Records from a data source

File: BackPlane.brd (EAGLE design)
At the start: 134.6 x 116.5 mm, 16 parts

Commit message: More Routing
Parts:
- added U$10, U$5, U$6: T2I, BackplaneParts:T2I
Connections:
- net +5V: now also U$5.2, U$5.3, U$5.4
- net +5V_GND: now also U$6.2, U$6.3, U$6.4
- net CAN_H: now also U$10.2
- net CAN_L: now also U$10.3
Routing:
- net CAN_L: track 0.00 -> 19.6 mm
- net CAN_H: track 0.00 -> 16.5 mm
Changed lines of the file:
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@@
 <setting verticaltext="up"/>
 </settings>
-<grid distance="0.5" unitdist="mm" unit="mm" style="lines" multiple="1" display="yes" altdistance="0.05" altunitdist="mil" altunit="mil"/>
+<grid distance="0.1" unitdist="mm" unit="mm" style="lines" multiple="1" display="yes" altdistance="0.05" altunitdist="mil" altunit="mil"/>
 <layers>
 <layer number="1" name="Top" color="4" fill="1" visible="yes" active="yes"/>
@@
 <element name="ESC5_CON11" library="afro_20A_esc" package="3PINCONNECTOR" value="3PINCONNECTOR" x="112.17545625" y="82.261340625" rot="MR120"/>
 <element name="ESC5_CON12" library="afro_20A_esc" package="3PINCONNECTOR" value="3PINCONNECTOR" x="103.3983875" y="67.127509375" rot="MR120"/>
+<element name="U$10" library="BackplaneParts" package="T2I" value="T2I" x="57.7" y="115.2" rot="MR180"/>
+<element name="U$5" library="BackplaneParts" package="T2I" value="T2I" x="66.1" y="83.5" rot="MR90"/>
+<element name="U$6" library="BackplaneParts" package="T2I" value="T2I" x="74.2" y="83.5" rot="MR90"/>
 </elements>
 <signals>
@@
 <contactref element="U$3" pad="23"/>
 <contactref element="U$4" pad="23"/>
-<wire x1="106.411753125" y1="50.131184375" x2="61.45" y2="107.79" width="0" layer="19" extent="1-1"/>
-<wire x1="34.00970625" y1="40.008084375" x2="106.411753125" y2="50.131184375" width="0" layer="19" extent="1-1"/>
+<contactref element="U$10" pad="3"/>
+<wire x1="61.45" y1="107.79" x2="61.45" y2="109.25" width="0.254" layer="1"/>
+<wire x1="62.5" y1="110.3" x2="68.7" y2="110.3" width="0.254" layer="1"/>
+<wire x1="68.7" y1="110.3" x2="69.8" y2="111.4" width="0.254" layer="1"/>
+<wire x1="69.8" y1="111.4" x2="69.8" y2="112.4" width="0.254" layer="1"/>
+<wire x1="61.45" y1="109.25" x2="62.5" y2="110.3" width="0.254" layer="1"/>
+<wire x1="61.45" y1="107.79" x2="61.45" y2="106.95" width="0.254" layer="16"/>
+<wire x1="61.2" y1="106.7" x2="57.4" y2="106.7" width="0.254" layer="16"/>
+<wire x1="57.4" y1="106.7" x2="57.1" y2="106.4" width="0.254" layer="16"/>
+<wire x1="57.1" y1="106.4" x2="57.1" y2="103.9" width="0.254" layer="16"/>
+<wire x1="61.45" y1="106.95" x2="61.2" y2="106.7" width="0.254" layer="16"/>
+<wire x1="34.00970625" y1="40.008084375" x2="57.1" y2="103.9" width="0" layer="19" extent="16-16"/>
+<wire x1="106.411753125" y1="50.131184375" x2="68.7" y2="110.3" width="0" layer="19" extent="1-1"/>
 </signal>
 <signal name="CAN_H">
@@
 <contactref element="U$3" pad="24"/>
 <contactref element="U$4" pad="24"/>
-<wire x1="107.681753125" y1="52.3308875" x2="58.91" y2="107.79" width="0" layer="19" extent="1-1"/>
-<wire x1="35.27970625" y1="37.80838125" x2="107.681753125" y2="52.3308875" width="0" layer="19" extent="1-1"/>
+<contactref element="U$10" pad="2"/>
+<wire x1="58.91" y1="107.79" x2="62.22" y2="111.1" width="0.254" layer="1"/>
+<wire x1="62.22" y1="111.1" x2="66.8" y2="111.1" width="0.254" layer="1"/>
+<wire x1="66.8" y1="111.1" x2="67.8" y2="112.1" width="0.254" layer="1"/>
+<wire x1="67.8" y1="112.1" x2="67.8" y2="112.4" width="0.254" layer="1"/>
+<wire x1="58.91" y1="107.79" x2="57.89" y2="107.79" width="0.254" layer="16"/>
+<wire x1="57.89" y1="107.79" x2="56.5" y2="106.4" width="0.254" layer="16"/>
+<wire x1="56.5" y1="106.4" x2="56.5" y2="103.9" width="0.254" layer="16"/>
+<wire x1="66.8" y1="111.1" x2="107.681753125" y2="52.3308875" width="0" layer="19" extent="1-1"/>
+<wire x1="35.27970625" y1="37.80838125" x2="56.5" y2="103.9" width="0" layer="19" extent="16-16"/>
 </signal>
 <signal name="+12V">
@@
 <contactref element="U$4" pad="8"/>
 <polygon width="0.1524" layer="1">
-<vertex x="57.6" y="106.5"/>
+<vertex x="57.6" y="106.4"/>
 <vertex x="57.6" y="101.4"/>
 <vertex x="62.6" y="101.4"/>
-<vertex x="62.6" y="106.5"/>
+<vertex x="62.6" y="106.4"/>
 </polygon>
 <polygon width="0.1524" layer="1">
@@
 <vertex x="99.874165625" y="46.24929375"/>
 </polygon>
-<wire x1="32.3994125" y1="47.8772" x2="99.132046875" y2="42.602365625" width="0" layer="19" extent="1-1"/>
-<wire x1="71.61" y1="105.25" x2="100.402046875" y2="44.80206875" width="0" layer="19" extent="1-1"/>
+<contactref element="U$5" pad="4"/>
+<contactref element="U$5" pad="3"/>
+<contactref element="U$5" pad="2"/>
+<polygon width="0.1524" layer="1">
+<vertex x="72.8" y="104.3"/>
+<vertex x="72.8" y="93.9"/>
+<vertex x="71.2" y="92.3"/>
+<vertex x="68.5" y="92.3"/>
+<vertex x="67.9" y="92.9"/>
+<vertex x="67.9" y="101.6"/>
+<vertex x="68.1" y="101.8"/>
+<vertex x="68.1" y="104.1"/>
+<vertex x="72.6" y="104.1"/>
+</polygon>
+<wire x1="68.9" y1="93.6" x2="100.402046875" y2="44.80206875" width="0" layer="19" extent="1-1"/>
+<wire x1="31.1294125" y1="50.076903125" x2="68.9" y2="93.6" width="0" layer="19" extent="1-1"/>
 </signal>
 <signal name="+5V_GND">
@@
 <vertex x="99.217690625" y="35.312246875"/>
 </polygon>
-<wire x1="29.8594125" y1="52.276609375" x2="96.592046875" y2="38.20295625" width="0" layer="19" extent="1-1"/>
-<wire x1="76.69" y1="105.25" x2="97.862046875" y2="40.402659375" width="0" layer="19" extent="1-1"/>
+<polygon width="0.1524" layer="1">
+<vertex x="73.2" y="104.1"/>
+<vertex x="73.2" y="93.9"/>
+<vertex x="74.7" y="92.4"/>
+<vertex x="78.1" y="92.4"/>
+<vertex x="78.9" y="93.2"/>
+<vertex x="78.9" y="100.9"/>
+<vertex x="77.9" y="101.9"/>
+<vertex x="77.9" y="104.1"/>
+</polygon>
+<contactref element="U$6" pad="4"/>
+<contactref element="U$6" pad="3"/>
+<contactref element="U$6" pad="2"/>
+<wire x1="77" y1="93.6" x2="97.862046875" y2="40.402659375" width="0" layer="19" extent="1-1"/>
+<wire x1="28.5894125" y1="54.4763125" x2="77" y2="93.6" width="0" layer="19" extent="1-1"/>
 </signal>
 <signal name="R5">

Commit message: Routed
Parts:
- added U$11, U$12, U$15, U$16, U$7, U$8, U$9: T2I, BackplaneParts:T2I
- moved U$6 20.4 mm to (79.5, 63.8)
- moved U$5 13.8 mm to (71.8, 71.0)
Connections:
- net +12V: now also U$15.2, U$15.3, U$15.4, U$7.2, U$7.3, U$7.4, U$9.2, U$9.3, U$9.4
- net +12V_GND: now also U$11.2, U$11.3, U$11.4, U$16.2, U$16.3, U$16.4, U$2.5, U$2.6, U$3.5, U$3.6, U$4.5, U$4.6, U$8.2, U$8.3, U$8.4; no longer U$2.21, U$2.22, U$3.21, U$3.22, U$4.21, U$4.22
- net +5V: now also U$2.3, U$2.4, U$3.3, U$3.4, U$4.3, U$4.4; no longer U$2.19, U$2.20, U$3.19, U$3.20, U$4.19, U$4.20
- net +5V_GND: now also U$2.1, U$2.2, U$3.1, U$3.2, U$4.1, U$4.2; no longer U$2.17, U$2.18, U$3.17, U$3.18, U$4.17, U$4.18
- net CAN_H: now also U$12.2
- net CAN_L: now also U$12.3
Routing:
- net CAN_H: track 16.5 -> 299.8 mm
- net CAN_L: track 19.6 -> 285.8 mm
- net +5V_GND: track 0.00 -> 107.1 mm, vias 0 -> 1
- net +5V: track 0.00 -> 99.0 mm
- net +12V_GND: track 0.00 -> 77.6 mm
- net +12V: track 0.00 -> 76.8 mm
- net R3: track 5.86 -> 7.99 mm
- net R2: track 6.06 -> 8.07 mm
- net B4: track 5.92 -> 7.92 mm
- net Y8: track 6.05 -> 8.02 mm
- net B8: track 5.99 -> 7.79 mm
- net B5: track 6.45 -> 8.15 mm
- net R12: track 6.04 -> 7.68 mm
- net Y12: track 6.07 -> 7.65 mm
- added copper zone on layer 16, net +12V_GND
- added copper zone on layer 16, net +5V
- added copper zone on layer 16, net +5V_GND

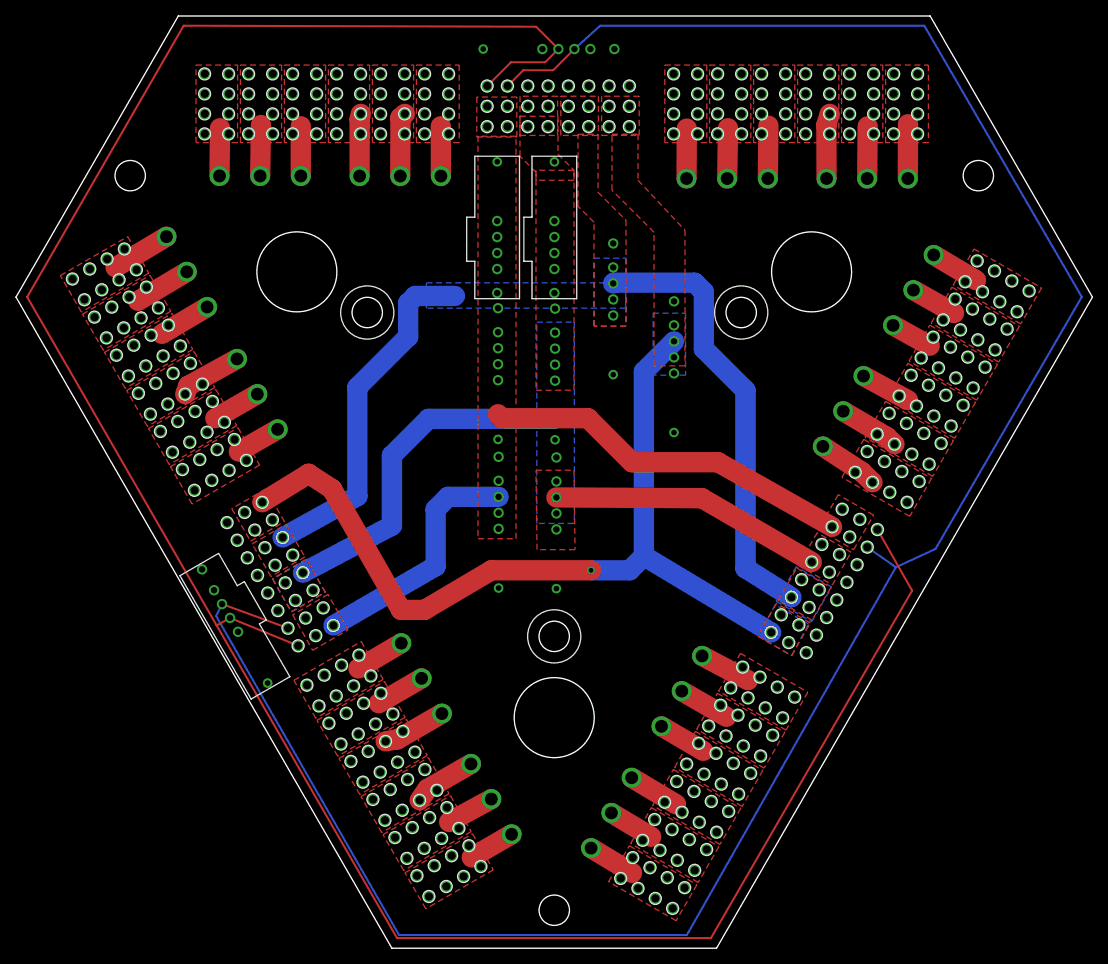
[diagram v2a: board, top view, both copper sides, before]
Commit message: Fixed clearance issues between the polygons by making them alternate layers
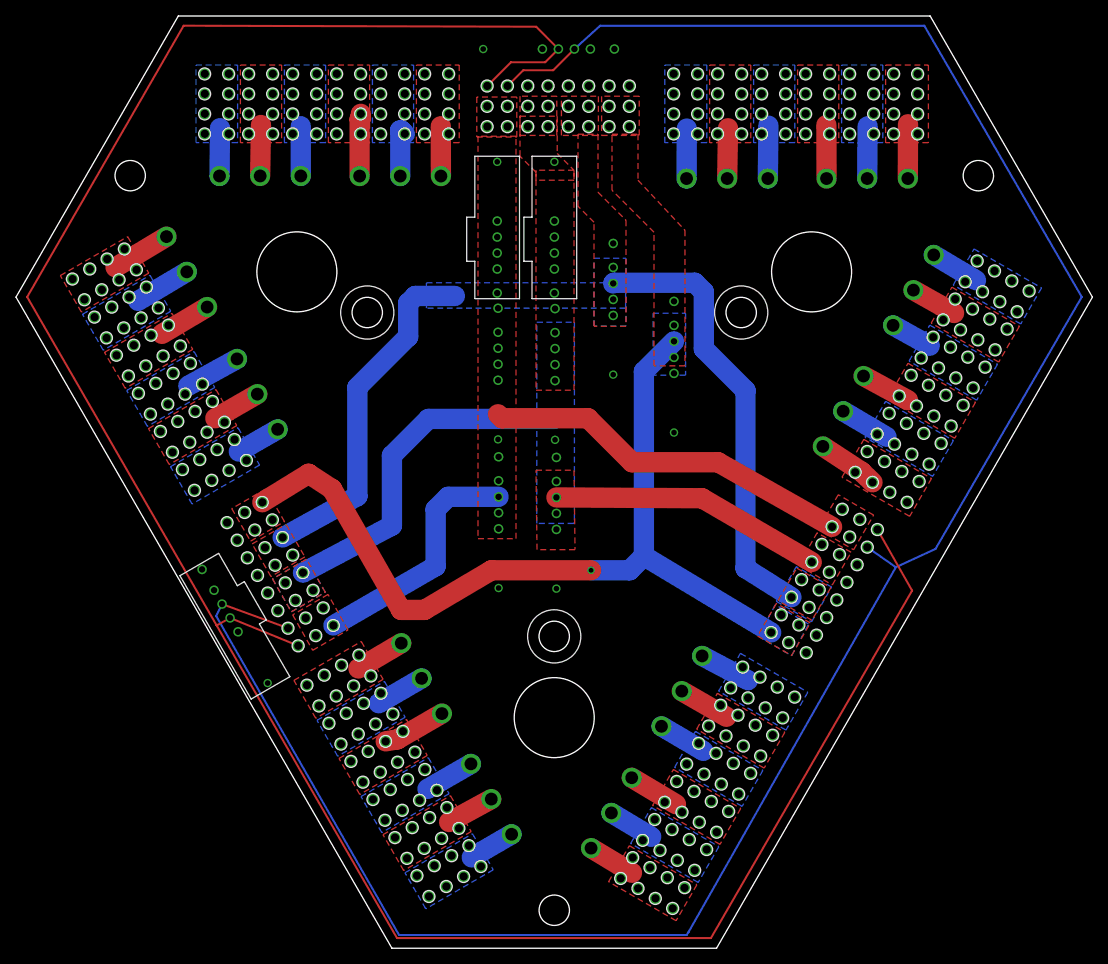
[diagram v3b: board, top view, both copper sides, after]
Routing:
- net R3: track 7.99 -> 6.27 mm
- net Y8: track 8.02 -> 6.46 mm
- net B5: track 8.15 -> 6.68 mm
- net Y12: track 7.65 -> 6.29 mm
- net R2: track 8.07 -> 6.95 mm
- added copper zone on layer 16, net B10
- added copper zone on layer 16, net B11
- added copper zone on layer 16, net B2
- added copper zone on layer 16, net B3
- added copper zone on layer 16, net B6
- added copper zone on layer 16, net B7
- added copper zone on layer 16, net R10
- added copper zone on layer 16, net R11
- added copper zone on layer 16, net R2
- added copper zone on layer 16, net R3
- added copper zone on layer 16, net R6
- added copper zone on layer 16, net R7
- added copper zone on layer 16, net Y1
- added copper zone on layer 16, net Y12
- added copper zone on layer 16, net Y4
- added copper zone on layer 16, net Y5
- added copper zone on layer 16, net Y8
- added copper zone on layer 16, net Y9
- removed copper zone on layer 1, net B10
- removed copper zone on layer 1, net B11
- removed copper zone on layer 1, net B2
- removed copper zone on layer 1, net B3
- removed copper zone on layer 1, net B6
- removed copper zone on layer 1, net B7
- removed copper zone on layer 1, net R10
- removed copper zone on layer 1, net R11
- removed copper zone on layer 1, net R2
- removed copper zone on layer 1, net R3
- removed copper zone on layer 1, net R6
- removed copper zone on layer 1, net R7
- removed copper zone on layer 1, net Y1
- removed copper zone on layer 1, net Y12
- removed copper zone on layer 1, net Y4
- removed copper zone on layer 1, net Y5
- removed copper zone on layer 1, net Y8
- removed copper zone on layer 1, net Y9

WHAT YOU HAVE TO DO
Give back, unchanged, every line from the one with "- removed copper zone on layer 1, net R6" to the end of the entries above.

TASK OUTPUT
- removed copper zone on layer 1, net R6
- removed copper zone on layer 1, net R7
- removed copper zone on layer 1, net Y1
- removed copper zone on layer 1, net Y12
- removed copper zone on layer 1, net Y4
- removed copper zone on layer 1, net Y5
- removed copper zone on layer 1, net Y8
- removed copper zone on layer 1, net Y9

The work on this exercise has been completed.